By default, SDK 3.3 and later creates Dolby Voice conferences. To create a non-Dolby Voice conference, set a dolbyVoice parameter to false while creating a new conference.

Dolby Voice vs. Non-Dolby Voice modes

With Dolby Voice, the Communications APIs platform introduces a new way of managing audio streams between clients and the platform. The server mixes all received audio streams and transmits only one audio stream to each participant. The platform continues to support SDK 2.x clients with unmixed audio streams for backward compatibility. Customers using SDK 3.0 and later also have the flexibility to continue to create the conference in the traditional audio processing mode. SDK 2.x clients can participate in conferences created using SDK 3.0 and later only when Dolby Voice is disabled. The following diagram outlines the differences in communication between Dolby Voice and non-Dolby Voice mode:

57795779

This graphic illustrates the difference between a non-Dolby Voice and Dolby Voice conference

The following table shows the difference in audio streams transmission between non-Dolby Voice mode and Dolby Voice mode:

Client Platform Direction Non-Dolby Voice conference Dolby Voice conference
Web SDK 3.5 and later Uplink Single stereo Opus stream* Single mono Dolby Voice Codec (DVC) stream**
Downlink Multiple stereo Opus streams* Single multi-channel Dolby Voice Codec (DVC) stream**
Web SDK 3.4 and earlier
C++ SDK 1.0
Uplink Single stereo Opus stream* Single mono Opus stream
Downlink Multiple stereo Opus streams* Single stereo Opus stream
Desktop SDK Uplink - Single mono Dolby Voice Codec (DVC) stream
Downlink - Single multi-channel Dolby Voice Codec (DVC) stream
Android SDK
iOS SDK
React Native SDK
Uplink Single stereo Opus stream Single mono Dolby Voice Codec (DVC) stream
Downlink Multiple stereo Opus streams Single multi-channel Dolby Voice Codec (DVC) stream
C++ SDK 2.0 and later Uplink Single stereo Opus stream Single mono Dolby Voice Codec (DVC) stream***
Downlink Multiple stereo Opus streams Single multi-channel Dolby Voice Codec (DVC) stream***

* Stereo by default. The stream can be updated to mono using JoinOptions.
** Supported only on Chrome and Edge on desktop operating systems. On other browsers and mobile operating systems, the SDK uses a single mono Opus stream for uplink transmission and a single stereo Opus stream for downlink transmission.
*** Supported only on Apple macOS and Microsoft Windows. On Linux, the SDK uses a single mono Opus stream for uplink transmission and a single stereo Opus stream for downlink transmission.

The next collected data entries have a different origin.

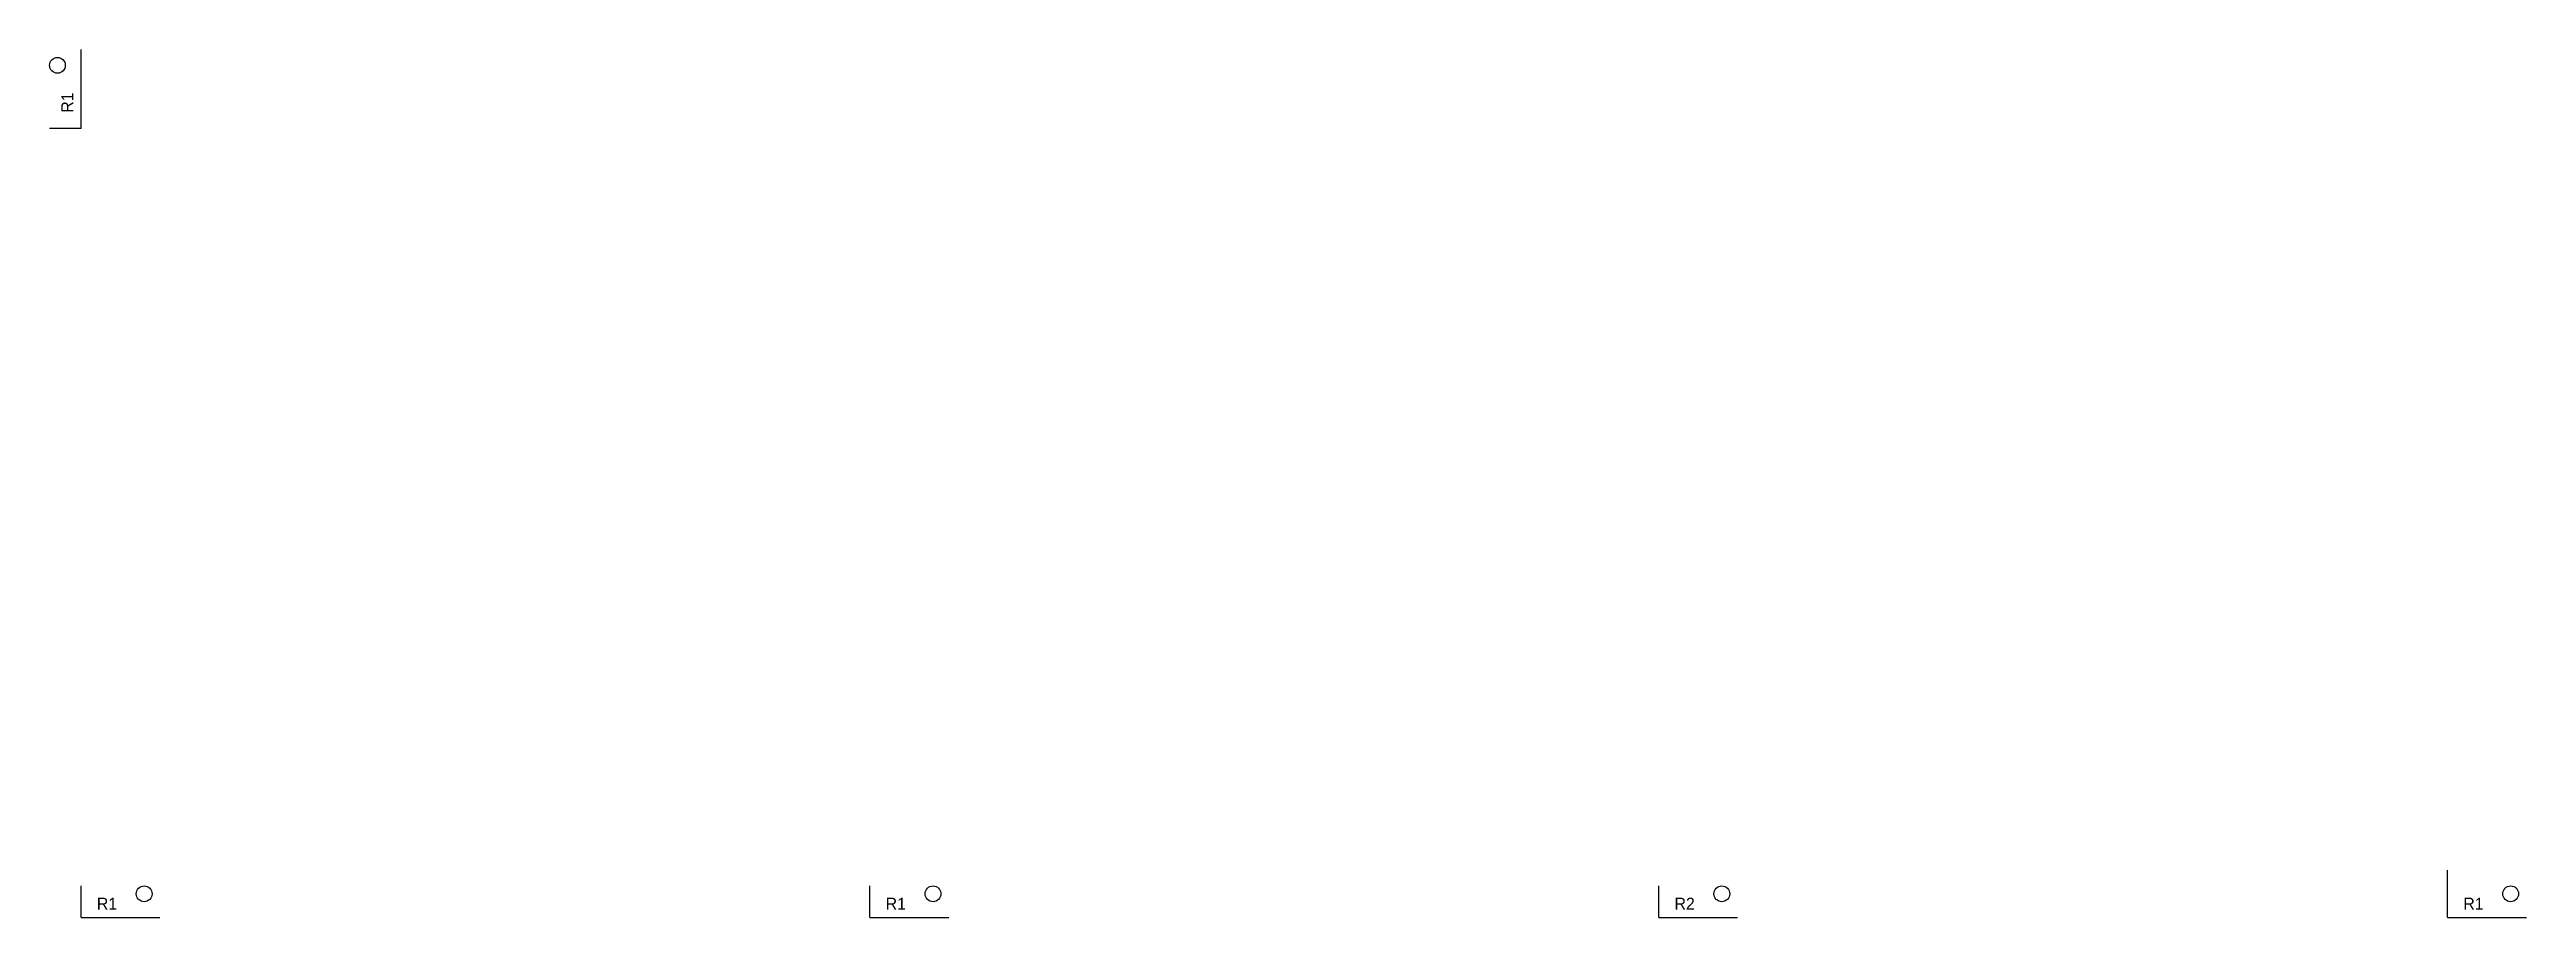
# Model space of a CAD drawing. Extents: x -4 to 310, y 0 to 110.
import ezdxf

# ---------------------------------------------------------------- set-up
doc = ezdxf.new("R2010")
doc.units = 0
doc.layers.get('0').update_dxf_attribs({"linetype": 'CONTINUOUS'})

msp = doc.modelspace()

# ---------------------------------------------------------------- linework, layer by layer
for p, q in [((0, 100), (0, 110)), ((0, 100), (-4, 100)), ((0, 0), (0, 4)), ((100, 0), (100, 4)), ((200, 0), (200, 4)), ((300, 0), (300, 6)), ((0, 0), (10, 0)), ((100, 0), (110, 0)), ((200, 0), (210, 0)), ((300, 0), (310, 0))]:
    msp.add_line(p, q)
for centre in [(-3, 108), (8, 3), (108, 3), (208, 3), (308, 3)]:
    msp.add_circle(centre, 1)

# ---------------------------------------------------------------- texts
msp.add_text('R1', height=1.5, rotation=90).set_placement((-1, 102))
for s, p in [('R1', (2, 1)), ('R1', (102, 1)), ('R2', (202, 1)), ('R1', (302, 1))]:
    msp.add_text(s, height=1.5).set_placement(p)

doc.saveas('drawing.dxf')
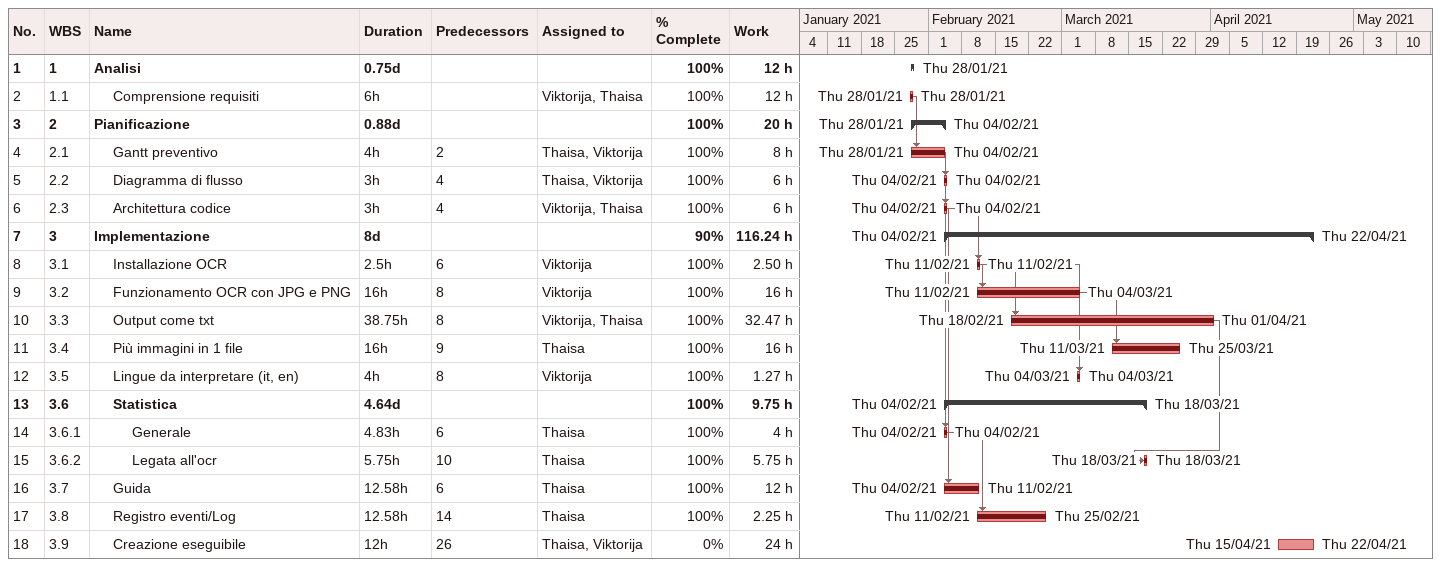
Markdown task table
| ID | WBS | Task | Duration | Start | Finish | Predecessors | Resources | % complete | Work (h) |
|---|---|---|---|---|---|---|---|---|---|
| 1 | 1 | **Analisi** | 0.75d | 2021-01-28 | 2021-01-28 |  |  | 100 | 12 |
| 2 | 1.1 | Comprensione requisiti | 6h | 2021-01-28 | 2021-01-28 |  | Viktorija, Thaisa | 100 | 12 |
| 3 | 2 | **Pianificazione** | 0.88d | 2021-01-28 | 2021-02-04 |  |  | 100 | 20 |
| 4 | 2.1 | Gantt preventivo | 4h | 2021-01-28 | 2021-02-04 | 2 | Thaisa, Viktorija | 100 | 8 |
| 5 | 2.2 | Diagramma di flusso | 3h | 2021-02-04 | 2021-02-04 | 4 | Thaisa, Viktorija | 100 | 6 |
| 6 | 2.3 | Architettura codice | 3h | 2021-02-04 | 2021-02-04 | 4 | Viktorija, Thaisa | 100 | 6 |
| 7 | 3 | **Implementazione** | 8d | 2021-02-04 | 2021-04-22 |  |  | 90 | 116.24 |
| 8 | 3.1 | Installazione OCR | 2.5h | 2021-02-11 | 2021-02-11 | 6 | Viktorija | 100 | 2.50 |
| 9 | 3.2 | Funzionamento OCR con JPG e PNG | 16h | 2021-02-11 | 2021-03-04 | 8 | Viktorija | 100 | 16 |
| 10 | 3.3 | Output come txt | 38.75h | 2021-02-18 | 2021-04-01 | 8 | Viktorija, Thaisa | 100 | 32.47 |
| 11 | 3.4 | Più immagini in 1 file | 16h | 2021-03-11 | 2021-03-25 | 9 | Thaisa | 100 | 16 |
| 12 | 3.5 | Lingue da interpretare (it, en) | 4h | 2021-03-04 | 2021-03-04 | 8 | Viktorija | 100 | 1.27 |
| 13 | 3.6 | **Statistica** | 4.64d | 2021-02-04 | 2021-03-18 |  |  | 100 | 9.75 |
| 14 | 3.6.1 | Generale | 4.83h | 2021-02-04 | 2021-02-04 | 6 | Thaisa | 100 | 4 |
| 15 | 3.6.2 | Legata all'ocr | 5.75h | 2021-03-18 | 2021-03-18 | 10 | Thaisa | 100 | 5.75 |
| 16 | 3.7 | Guida | 12.58h | 2021-02-04 | 2021-02-11 | 6 | Thaisa | 100 | 12 |
| 17 | 3.8 | Registro eventi/Log | 12.58h | 2021-02-11 | 2021-02-25 | 14 | Thaisa | 100 | 2.25 |
| 18 | 3.9 | Creazione eseguibile | 12h | 2021-04-15 | 2021-04-22 | 26 | Thaisa, Viktorija | 0 | 24 |

Dolby Voice currently does not support spatial capture on any of the client platforms.

Dolby Voice audio processing

By default, the Dolby Voice audio processing algorithm is enabled for Dolby Voice conferences. Dolby Voice is optimized for voice communication and may have degraded behavior with non-voice audio, such as music. The SDK provides a Web API to disable audio processing in the event that you have background audio or music that needs to be passed through to the conference.

The audioProcessing API includes the AudioProcessingOptions and AudioProcessingSenderOptions, which allow participants to enable and disable audio processing.

APIs not supported with Dolby Voice conference

Due to a different audio stream transmission in Dolby Voice, the mute API is no longer supported for remote participants when the client connects to a Dolby Voice conference. In SDK 3.2 and later releases, muting all participants is supported in all conferences via the stopAudio API. This API allows the conference participants to stop receiving specific audio streams from the server.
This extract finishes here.